- _PROBLEM REQUIREMENTS_:
For each line of the listing that includes the word "blocks", show the whole line.
--------------------------------------------------
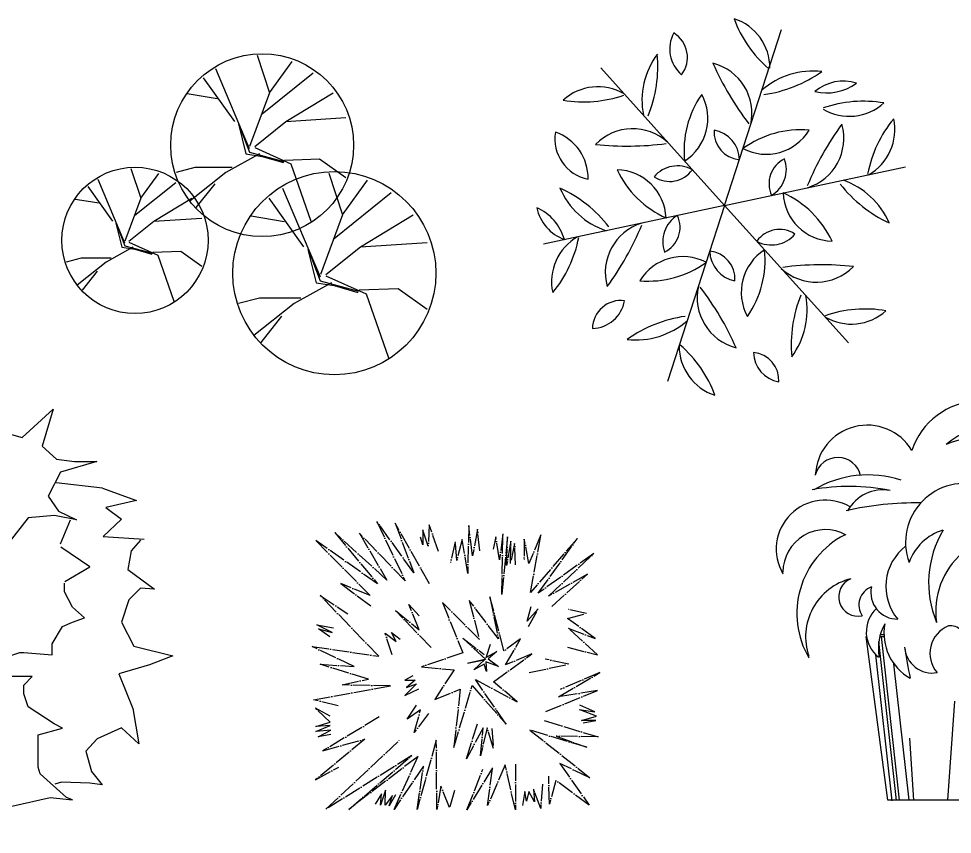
# Model space of a CAD drawing. Extents: x -42728 to 99010, y -18674 to 47645.
# Drawn here: x 42498 to 44710, y 7601 to 9532 of the extents above; entities that cross this region are included whole.
import ezdxf

# ---------------------------------------------------------------- set-up
doc = ezdxf.new("R2010")
doc.units = 0
doc.header["$LTSCALE"] = 100
doc.header["$MEASUREMENT"] = 0
doc.linetypes.add('DOTE', pattern=[2.42, 2, -0.2, 0.02, -0.2])
doc.layers.get('0').update_dxf_attribs({"linetype": 'CONTINUOUS'})
for name, color, linetype in [('A-FURN', 7, 'CONTINUOUS'), ('DOTE', 1, 'DOTE'), ('PUB_DIM', 3, 'CONTINUOUS')]:
    doc.layers.add(name, color=color, linetype=linetype)
doc.styles.get("Standard").update_dxf_attribs({"font": 'ISOCP'})

# ---------------------------------------------------------------- blocks, each defined once
blk = doc.blocks.new('PC')
at = {"layer": 'A-FURN'}
for p, q in [((-79.2, 0), (-122.4, 387.4)), ((69.4, 1.4), (105.2, 387.4)), ((84.9, 0), (120.8, 387.4)), ((92.3, -0.7), (128.4, 387.4)), ((-86.5, -0.8), (-128.5, 375.2)), ((-96.9, -2), (-135.5, 344.1)), ((-56.9, 0), (-92.7, 322.5)), ((34.8, 0), (51.5, 234.5)), ((-45.7, 0), (-55, 146.3))]:
    blk.add_line(p, q, dxfattribs=at)
for points in [[(-107, 0), (-158.8, 387.4), (-157.5, 387.4)], [(-126.2, 387.4), (-116.1, 387.4)], [(-124.9, 392.1), (-116.3, 392.1)], [(84.6, 387.4), (146.2, 387.4), (107, 0), (-107, 0)]]:
    blk.add_lwpolyline(points, dxfattribs=at)
for centre, radius, start, end in [((111, 774.8), 169.6, 21.7836, 161.8442), ((-155.8, 764.3), 123.2, 30.973, 177.7149), ((147.6, 708.9), 176.6, 45.0763, 131.2901), ((100.9, 695), 162.3, 43.7176, 115.4681), ((-225.5, 756), 55, 11.9915, 166.1619), ((206.6, 715.3), 92.7, 41.3922, 162.9158), ((278.5, 695.5), 81.3, 94.4023, 151.3658), ((-153.9, 517.3), 252.5, 72.022, 120.6975), ((264.6, 668.4), 85.1, 19.0807, 129.053), ((-198.6, 254.2), 488.3, 78.5598, 100.3882), ((-119.1, 639.7), 94.7, 79.446, 151.5691), ((74.4, 609.9), 139.7, 71.7887, 199.8874), ((-255.5, 594.2), 116, 59.4698, 210.3935), ((298.2, 606.6), 101.1, 62.3898, 149.4764), ((-38, -60.3), 763.9, 89.3409, 102.7205), ((283.1, 495.2), 178, 329.7493, 113.8865), ((-255.3, 539.9), 100.3, 60.7061, 180.3126), ((-113.5, 441.9), 209.1, 117.4878, 210.1987), ((57.8, 522.3), 121.5, 106.4019, 160.7575), ((233.6, 514.5), 244.1, 149.3904, 202.5749), ((7, 404.1), 238, 316.7729, 64.9724), ((7.7, 505.7), 119.7, 127.3959, 220.2154), ((17.7, 494.2), 205.2, 312.6773, 36.0523), ((190.9, 446.4), 184.6, 131.1854, 187.9645), ((-190.9, 453.8), 291.6, 338.747, 26.798), ((336.5, 457.6), 108, 333.454, 59.6856), ((325, 488.3), 90.9, 333.3922, 43.4752), ((-159.7, 386.3), 142.2, 104.2756, 198.7996), ((-177.3, 481.4), 46.2, 112.2433, 281.6376), ((203.8, 440.1), 160.6, 321.6577, 28.3948), ((342.9, 452.9), 63.6, 355.2049, 88.1083), ((-129.7, 461.6), 46, 110.8147, 213.7115), ((-84.7, 491.2), 62.8, 167.7176, 270.9098), ((52.4, 434.9), 232.3, 303.4506, 15.5944), ((179.6, 380.4), 151.7, 344.758, 50.4537), ((-82.8, 398), 75.4, 133.2334, 231.9933), ((-188.3, 515.6), 301.2, 331.5248, 342.8463), ((-15.5, 359.9), 114.1, 149.8954, 190.7695), ((5.2, 394.5), 121.5, 169.2995, 240.8514), ((62, 347.5), 69.6, 111.7182, 221.0065), ((41.3, 377), 35.5, 351.8932, 98.1533), ((-1.8, 366.5), 65.7, 184.0055, 279.9455), ((738.2, 470.6), 812.8, 187.6786, 192.9474)]:
    blk.add_arc(centre, radius, start, end, dxfattribs=at)
blk = doc.blocks.new('M_F8')
for p, q in [((2.9, 532.6), (27.6, 593.8)), ((27.6, 593.8), (76, 524.4)), ((-201.8, 486.5), (-173.2, 550.1)), ((-173.2, 550.1), (-132, 501.8)), ((-53.7, 486.5), (2.9, 532.6)), ((185.4, 481.4), (259.3, 549.1)), ((259.3, 549.1), (233.3, 460.9)), ((76, 524.4), (121.3, 499.7)), ((-132, 501.8), (-53.7, 486.5)), ((121.3, 499.7), (185.4, 481.4)), ((-370.5, 375.2), (-361.1, 478.3)), ((-358, 481.4), (-286.1, 412.7)), ((-310, 429.9), (-286.1, 465.8)), ((-283, 465.8), (-244.8, 450.6)), ((-244.8, 450.6), (-201.8, 486.5)), ((233.3, 460.9), (266.7, 430.2)), ((-286.1, 412.7), (-225.7, 430.2)), ((-225.7, 430.2), (-203.1, 426.6)), ((-203.1, 426.6), (-206.6, 373.8)), ((-197.1, 440.4), (-197.1, 440.4)), ((266.7, 430.2), (309.7, 425)), ((362.3, 425), (276.3, 399.5)), ((309.7, 425), (362.3, 425)), ((276.3, 399.5), (247.5, 343)), ((-529.8, 353.4), (-445.4, 356.5)), ((-445.4, 356.5), (-402.6, 368.7)), ((-206.6, 373.8), (-163.6, 312.4)), ((-206.6, 373.8), (-206.6, 373.8)), ((375.8, 361.8), (265.8, 374.4)), ((375.8, 361.8), (456.4, 332.3)), ((247.5, 343), (271.4, 307.2)), ((-163.6, 312.4), (-87.1, 307.2)), ((-87.1, 307.2), (-154.1, 271.3)), ((8.5, 302.1), (-34.5, 276.5)), ((61.1, 302.1), (8.5, 302.1)), ((132.9, 230.4), (61.1, 302.1)), ((199.8, 291.9), (151.9, 230.4)), ((261.9, 297), (199.8, 291.9)), ((314.5, 286.7), (261.9, 297)), ((271.4, 307.2), (314.5, 286.7)), ((-154.1, 271.3), (-201.8, 245.8)), ((-111, 266.3), (-125.3, 271.3)), ((-77.5, 240.6), (-111, 266.3)), ((-34.5, 276.5), (-58.4, 240.6)), ((276.3, 230.4), (300.2, 286.7)), ((-201.8, 245.8), (-220.5, 172.2)), ((-517.5, 203.1), (-527.1, 233.9)), ((-58.4, 240.6), (-77.5, 240.6)), ((346, 175.6), (277.2, 222.5)), ((465.8, 238.5), (444.2, 213.2)), ((-512.8, 167.2), (-517.5, 203.1)), ((444.2, 213.2), (436.3, 169)), ((-522.4, 116.1), (-512.8, 167.2)), ((286.6, 141.2), (346, 175.6)), ((436.3, 169), (499.2, 122.6)), ((-217.4, 153.5), (-173.3, 85.3)), ((285.7, 116.1), (285.7, 136.6)), ((-613.2, 85.3), (-522.4, 116.1)), ((304.8, 80.2), (285.7, 116.1)), ((465.8, 124.7), (438.3, 97.3)), ((499.2, 122.6), (465.8, 124.7)), ((-230.7, 95.5), (-273.7, 54.6)), ((-173.3, 85.3), (-230.7, 95.5)), ((438.3, 97.3), (420.6, 44.7)), ((-551, 64.8), (-613.2, 85.3)), ((-197.2, 80.2), (-197.2, 44.4)), ((-173.3, 85.3), (-173.3, 85.3)), ((333.5, 54.6), (304.8, 80.2)), ((-527.1, 49.4), (-555.8, -12)), ((-498.4, 49.4), (-551, 64.8)), ((-469.7, 39.2), (-498.4, 49.4)), ((-412.4, 44.4), (-465, -27.3)), ((-340.7, 54.6), (-412.4, 44.4)), ((-412.4, 44.4), (-412.4, 44.4)), ((-340.7, 54.6), (-340.7, 54.6)), ((-302.4, -1.8), (-340.7, 54.6)), ((-273.7, 54.6), (-278.6, 23.8)), ((-197.2, 44.4), (-206.8, 3.4)), ((280.8, 34), (304.8, 44.4)), ((304.8, 44.4), (333.5, 54.6)), ((420.6, 44.7), (450.1, -12.2)), ((-465, -27.3), (-469.7, 39.2)), ((-278.6, 23.8), (-302.4, -1.8)), ((256.9, -6.9), (280.8, 34)), ((-206.8, 3.4), (-173.3, -1.8)), ((-555.8, -12), (-589.3, -27.3)), ((-173.3, -1.8), (-130.3, -12)), ((-130.3, -12), (-111.2, -58.1)), ((256.9, -32.5), (256.9, -6.9)), ((450.1, -12.2), (542.5, -35.3)), ((-589.3, -27.3), (-541.5, -63.2)), ((-87.3, -53), (-53.8, -42.7)), ((-53.8, -42.7), (-25.1, -32.5)), ((-25.1, -32.5), (75.3, -68.4)), ((113.5, -63.2), (132.7, -42.7)), ((132.7, -42.7), (180.4, -27.3)), ((180.4, -27.3), (190, -27.3)), ((190, -27.3), (256.9, -32.5)), ((542.5, -35.3), (487.5, -56.4)), ((-541.5, -63.2), (-541.5, -119.6)), ((-111.2, -58.1), (-87.3, -53)), ((108.8, -94), (113.5, -63.2)), ((487.5, -56.4), (414.7, -77.5)), ((75.3, -68.4), (108.8, -94)), ((151.8, -83.8), (118.3, -68.4)), ((156.5, -83.8), (151.8, -83.8)), ((209.2, -83.8), (156.5, -83.8)), ((190, -104.2), (209.2, -83.8)), ((414.7, -77.5), (448.1, -159.6)), ((190, -124.7), (190, -104.2)), ((-541.5, -119.6), (-541.5, -145.2)), ((199.6, -155.5), (190, -124.7)), ((-541.5, -145.2), (-565.4, -165.7)), ((-565.4, -165.7), (-479.4, -186.2)), ((261.7, -196.4), (199.6, -155.5)), ((448.1, -159.6), (461.9, -243.8)), ((-479.4, -186.2), (-460.2, -242.5)), ((280.8, -206.6), (261.7, -196.4)), ((223.4, -222), (280.8, -206.6)), ((420.6, -205.9), (363.6, -231.2)), ((461.9, -243.8), (420.6, -205.9)), ((-460.2, -242.5), (-469.7, -293.7)), ((223.4, -298.9), (223.4, -222)), ((363.6, -231.2), (336.1, -260.7)), ((-469.7, -298.9), (-398, -263)), ((-398, -263), (-355, -257.9)), ((-355, -257.9), (-326.3, -283.5)), ((336.1, -260.7), (349.9, -309.1)), ((-326.3, -283.5), (-288.1, -324.5)), ((-469.7, -293.7), (-469.7, -298.9)), ((228.3, -314.2), (223.4, -298.9)), ((349.9, -309.1), (375.4, -340.7)), ((-288.1, -324.5), (-292.8, -355.2)), ((-25.1, -339.8), (32.3, -324.5)), ((32.3, -324.5), (108.8, -401.3)), ((290.4, -370.6), (228.3, -314.2)), ((-58.6, -452.6), (-25.1, -339.8)), ((279.1, -334.4), (263.3, -338.6)), ((345.9, -336.5), (279.1, -334.4)), ((375.4, -340.7), (345.9, -336.5)), ((-292.8, -355.2), (-312, -385.9)), ((-312, -385.9), (-264.2, -370.6)), ((-264.2, -370.6), (-206.8, -355.2)), ((-206.8, -355.2), (-111.2, -401.3)), ((-206.8, -355.2), (-206.8, -355.2)), ((161.3, -391.1), (252.2, -370.6)), ((252.2, -370.6), (304.8, -375.7)), ((304.8, -375.7), (290.4, -370.6)), ((108.8, -457.6), (161.3, -391.1)), ((-111.2, -401.3), (-82.5, -421.8)), ((108.8, -401.3), (118.3, -447.4)), ((-82.5, -421.8), (-58.6, -452.6)), ((118.3, -447.4), (108.8, -457.6))]:
    blk.add_line(p, q)
at = {"flags": 128}
for points in [[(-529.8, 353.4), (-482.9, 275.3), (-521.2, 241.3)], [(456.4, 332.3), (383.6, 316.4), (421.2, 288.2), (377.3, 247.6), (474.4, 241.3)]]:
    blk.add_lwpolyline(points, dxfattribs=at)
at = {"width": 0.8, "flags": 9}
for tag, p in [('XSIZE', (-73.6, 244.1)), ('YSIZE', (141.9, 228.4)), ('XSIZE', (-182.7, 109.6)), ('YSIZE', (124.2, -73))]:
    blk.add_attdef(tag, p, '', height=0.2, dxfattribs=at)
blk = doc.blocks.new('M_F17')
for p, q in [((-746, 1795), (-737, 1298)), ((-553, 1157), (-746, 1795)), ((-553, 1598), (-501, 1776)), ((-501, 1776), (-422, 1570)), ((-448, 1176), (-194, 1786)), ((-273, 1326), (16, 1814)), ((-194, 1786), (-273, 1326)), ((16, 1814), (-185, 1344)), ((227, 1786), (542, 1438)), ((314, 1429), (227, 1786)), ((-1552, 1692), (-1263, 1298)), ((-1061, 1344), (-1552, 1692)), ((-1228, 1701), (-1061, 1344)), ((-667, 988), (-1228, 1701)), ((-869, 1664), (-667, 988)), ((-737, 1298), (-869, 1664)), ((-580, 1617), (-553, 1767)), ((-553, 1767), (-553, 1598)), ((-448, 1758), (-369, 1579)), ((-422, 1570), (-448, 1758)), ((419, 1758), (656, 1429)), ((542, 1438), (419, 1758)), ((796, 1241), (1182, 1664)), ((919, 1204), (1427, 1739)), ((1182, 1664), (919, 1204)), ((1427, 1739), (954, 1082)), ((656, 1429), (717, 1654)), ((717, 1654), (761, 1438)), ((16, 978), (113, 1448)), ((113, 1448), (174, 1166)), ((954, 1082), (1602, 1542)), ((1602, 1542), (963, 988)), ((-1263, 1298), (-1543, 1222)), ((-1543, 1222), (-1210, 1213)), ((-1307, 1138), (-1596, 1119)), ((-1596, 1119), (-1368, 1035)), ((963, 988), (1646, 1110)), ((1646, 1110), (1304, 969)), ((-1517, 1044), (-1394, 978)), ((-1368, 1035), (-1517, 1044)), ((-98, 556), (235, 1007)), ((235, 1007), (104, 697)), ((559, 969), (770, 1082)), ((770, 1082), (621, 950)), ((621, 950), (796, 997)), ((-1394, 931), (-1561, 903)), ((-1394, 978), (-1509, 950)), ((-1509, 950), (-1394, 931)), ((1304, 969), (1593, 913)), ((1593, 913), (1348, 913)), ((-1613, 819), (-1079, 697)), ((-1070, 819), (-1613, 819)), ((-334, 838), (-98, 556)), ((-71, 340), (-334, 838)), ((104, 697), (411, 875)), ((411, 875), (270, 678)), ((1287, 809), (1541, 800)), ((1541, 800), (1304, 753)), ((-1079, 697), (-1561, 490)), ((-597, 706), (-71, 340)), ((-141, 302), (-597, 706)), ((270, 678), (910, 509)), ((1620, 715), (936, 650)), ((1567, 753), (1278, 706)), ((1278, 706), (1620, 715)), ((1304, 753), (1567, 753)), ((-886, 556), (-641, 481)), ((-650, 537), (-886, 556)), ((86, 612), (139, 462)), ((174, 490), (86, 612)), ((262, 594), (174, 490)), ((191, 462), (262, 594)), ((411, 612), (866, 265)), ((910, 509), (411, 612)), ((936, 650), (1655, 659)), ((1655, 659), (1348, 622)), ((1348, 622), (1620, 575)), ((1620, 575), (1471, 547)), ((-1114, 547), (-1613, 246)), ((-1561, 490), (-1114, 547)), ((-641, 481), (-974, 406)), ((25, 471), (113, 443)), ((139, 462), (25, 471)), ((43, 321), (165, 453)), ((113, 443), (43, 321)), ((121, 246), (165, 462)), ((165, 453), (121, 246)), ((165, 462), (419, 190)), ((200, 471), (349, 518)), ((419, 190), (227, 443)), ((-1613, 246), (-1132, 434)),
--------------------------------------------------
- _RESPONSE_:
# ---------------------------------------------------------------- blocks, each defined once
blk = doc.blocks.new('PC')
blk = doc.blocks.new('M_F8')
blk = doc.blocks.new('M_F17')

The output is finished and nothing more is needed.